─── WORKING DATA ───

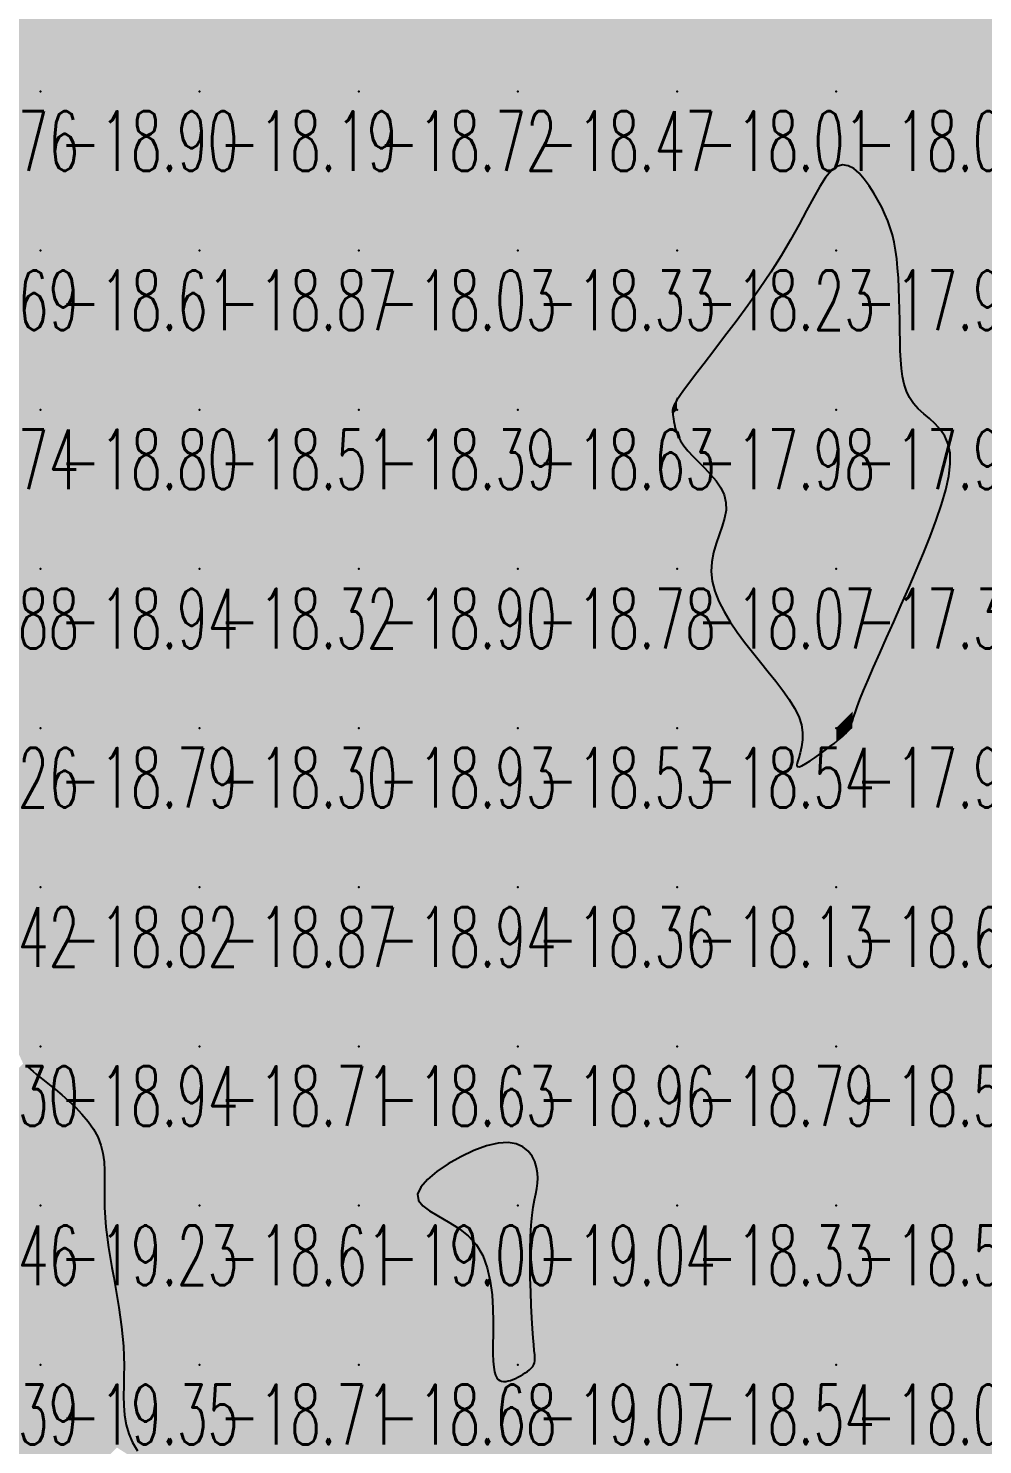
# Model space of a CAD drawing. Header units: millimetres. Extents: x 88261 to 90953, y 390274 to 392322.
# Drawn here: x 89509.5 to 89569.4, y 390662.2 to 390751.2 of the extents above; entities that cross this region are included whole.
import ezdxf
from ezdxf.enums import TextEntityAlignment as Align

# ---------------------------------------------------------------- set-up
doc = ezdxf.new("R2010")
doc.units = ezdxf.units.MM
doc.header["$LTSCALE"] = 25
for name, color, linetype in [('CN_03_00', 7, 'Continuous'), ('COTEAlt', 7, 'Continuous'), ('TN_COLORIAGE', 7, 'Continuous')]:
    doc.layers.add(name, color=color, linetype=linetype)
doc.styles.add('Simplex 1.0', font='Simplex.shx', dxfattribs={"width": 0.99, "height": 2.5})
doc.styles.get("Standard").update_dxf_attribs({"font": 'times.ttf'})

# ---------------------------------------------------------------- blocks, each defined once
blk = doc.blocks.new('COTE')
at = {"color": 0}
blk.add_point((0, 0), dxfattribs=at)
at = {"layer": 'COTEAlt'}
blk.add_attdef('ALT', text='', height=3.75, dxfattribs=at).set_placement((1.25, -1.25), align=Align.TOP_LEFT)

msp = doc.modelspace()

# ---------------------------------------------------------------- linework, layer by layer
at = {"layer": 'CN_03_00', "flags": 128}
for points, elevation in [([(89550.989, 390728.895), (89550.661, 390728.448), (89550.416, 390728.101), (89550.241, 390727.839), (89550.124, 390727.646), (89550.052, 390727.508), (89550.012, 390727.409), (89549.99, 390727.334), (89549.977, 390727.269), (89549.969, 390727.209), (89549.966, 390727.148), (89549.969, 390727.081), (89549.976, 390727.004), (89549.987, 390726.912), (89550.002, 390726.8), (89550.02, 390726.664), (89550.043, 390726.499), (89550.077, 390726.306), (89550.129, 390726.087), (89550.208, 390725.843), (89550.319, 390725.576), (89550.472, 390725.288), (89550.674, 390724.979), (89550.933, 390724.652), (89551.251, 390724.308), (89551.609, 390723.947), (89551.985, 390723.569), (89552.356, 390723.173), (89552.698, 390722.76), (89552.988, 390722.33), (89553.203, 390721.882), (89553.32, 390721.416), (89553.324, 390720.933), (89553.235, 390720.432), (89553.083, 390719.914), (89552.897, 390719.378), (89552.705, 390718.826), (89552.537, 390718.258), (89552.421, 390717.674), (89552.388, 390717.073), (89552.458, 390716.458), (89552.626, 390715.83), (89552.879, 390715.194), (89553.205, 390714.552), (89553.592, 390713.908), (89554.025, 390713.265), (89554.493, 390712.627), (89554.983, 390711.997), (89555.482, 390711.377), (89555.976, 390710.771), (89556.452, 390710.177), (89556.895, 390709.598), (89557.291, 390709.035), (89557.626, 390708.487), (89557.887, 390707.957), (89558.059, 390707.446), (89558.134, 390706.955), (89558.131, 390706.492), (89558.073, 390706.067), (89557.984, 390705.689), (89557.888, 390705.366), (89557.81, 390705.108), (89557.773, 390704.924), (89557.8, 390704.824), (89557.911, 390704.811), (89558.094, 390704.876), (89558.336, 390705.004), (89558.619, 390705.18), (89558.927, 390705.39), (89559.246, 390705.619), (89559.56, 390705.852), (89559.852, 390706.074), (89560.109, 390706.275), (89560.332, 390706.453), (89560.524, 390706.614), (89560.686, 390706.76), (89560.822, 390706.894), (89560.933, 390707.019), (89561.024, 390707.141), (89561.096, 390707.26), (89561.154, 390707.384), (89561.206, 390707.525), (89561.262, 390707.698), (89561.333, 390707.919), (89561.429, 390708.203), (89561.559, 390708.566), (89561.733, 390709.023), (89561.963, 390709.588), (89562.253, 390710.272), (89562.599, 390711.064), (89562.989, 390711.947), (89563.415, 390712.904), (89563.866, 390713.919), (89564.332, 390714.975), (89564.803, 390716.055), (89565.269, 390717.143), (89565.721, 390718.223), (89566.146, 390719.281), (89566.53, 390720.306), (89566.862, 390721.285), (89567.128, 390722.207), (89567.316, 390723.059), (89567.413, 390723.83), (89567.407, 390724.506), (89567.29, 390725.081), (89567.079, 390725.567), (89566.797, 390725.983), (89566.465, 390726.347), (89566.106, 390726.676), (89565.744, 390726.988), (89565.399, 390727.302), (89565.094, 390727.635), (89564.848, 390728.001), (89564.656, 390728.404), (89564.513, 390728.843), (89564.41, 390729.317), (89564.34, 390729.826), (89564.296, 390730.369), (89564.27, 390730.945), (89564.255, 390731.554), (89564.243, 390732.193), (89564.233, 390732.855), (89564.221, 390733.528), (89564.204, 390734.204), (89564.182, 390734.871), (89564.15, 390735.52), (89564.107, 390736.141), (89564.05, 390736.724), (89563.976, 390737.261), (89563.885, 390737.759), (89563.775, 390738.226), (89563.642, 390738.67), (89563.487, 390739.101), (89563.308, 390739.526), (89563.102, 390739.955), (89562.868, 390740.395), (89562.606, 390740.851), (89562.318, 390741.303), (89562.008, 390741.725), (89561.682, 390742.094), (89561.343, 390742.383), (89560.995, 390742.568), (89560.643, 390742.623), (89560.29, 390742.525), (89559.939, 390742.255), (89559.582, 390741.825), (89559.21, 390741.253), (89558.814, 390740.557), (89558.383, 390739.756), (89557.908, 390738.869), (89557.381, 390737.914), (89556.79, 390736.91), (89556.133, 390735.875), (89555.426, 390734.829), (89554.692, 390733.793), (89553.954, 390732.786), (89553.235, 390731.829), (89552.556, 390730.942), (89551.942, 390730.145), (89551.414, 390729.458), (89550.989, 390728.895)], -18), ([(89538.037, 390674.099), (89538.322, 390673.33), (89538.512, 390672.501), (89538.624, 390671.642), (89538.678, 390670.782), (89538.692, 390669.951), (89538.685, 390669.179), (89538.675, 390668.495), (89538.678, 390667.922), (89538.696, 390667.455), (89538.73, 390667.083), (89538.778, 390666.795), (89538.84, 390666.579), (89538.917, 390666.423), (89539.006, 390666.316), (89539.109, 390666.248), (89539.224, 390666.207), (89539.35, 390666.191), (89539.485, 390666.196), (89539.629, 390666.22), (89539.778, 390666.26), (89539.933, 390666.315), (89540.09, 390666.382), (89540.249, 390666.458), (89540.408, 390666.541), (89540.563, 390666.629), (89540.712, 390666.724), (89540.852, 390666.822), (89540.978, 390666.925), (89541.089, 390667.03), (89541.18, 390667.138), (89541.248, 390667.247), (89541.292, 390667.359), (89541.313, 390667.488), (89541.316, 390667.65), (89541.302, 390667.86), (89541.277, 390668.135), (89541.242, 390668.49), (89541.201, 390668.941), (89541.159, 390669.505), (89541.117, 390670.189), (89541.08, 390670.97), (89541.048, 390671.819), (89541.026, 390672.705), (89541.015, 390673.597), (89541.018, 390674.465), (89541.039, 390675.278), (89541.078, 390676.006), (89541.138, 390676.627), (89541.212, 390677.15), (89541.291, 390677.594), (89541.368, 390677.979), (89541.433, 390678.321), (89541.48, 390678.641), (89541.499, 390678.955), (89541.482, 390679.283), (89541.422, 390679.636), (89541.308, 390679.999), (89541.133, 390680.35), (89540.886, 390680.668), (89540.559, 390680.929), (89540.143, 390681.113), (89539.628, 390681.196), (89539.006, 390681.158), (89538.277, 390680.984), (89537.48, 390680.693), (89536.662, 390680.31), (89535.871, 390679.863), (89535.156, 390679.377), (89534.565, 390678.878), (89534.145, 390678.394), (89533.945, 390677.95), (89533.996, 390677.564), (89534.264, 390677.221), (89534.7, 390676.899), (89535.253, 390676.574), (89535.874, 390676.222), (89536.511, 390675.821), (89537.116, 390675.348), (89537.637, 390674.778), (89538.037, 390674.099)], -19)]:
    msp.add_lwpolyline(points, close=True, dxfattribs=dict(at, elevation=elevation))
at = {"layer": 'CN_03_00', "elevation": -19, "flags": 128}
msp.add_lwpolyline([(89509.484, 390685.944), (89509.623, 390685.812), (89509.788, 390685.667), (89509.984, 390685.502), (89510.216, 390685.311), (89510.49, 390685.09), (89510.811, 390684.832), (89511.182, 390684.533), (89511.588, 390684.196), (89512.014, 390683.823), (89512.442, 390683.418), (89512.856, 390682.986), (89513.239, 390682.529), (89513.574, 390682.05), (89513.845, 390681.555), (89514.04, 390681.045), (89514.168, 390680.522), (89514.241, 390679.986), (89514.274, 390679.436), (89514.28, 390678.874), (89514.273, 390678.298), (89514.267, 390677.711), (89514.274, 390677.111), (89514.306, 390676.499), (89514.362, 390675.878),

───

TASK DIRECTIONS
A single number is the whole answer here: the number of lines in the data containing "Align".

RESULT OF THE EXERCISE
2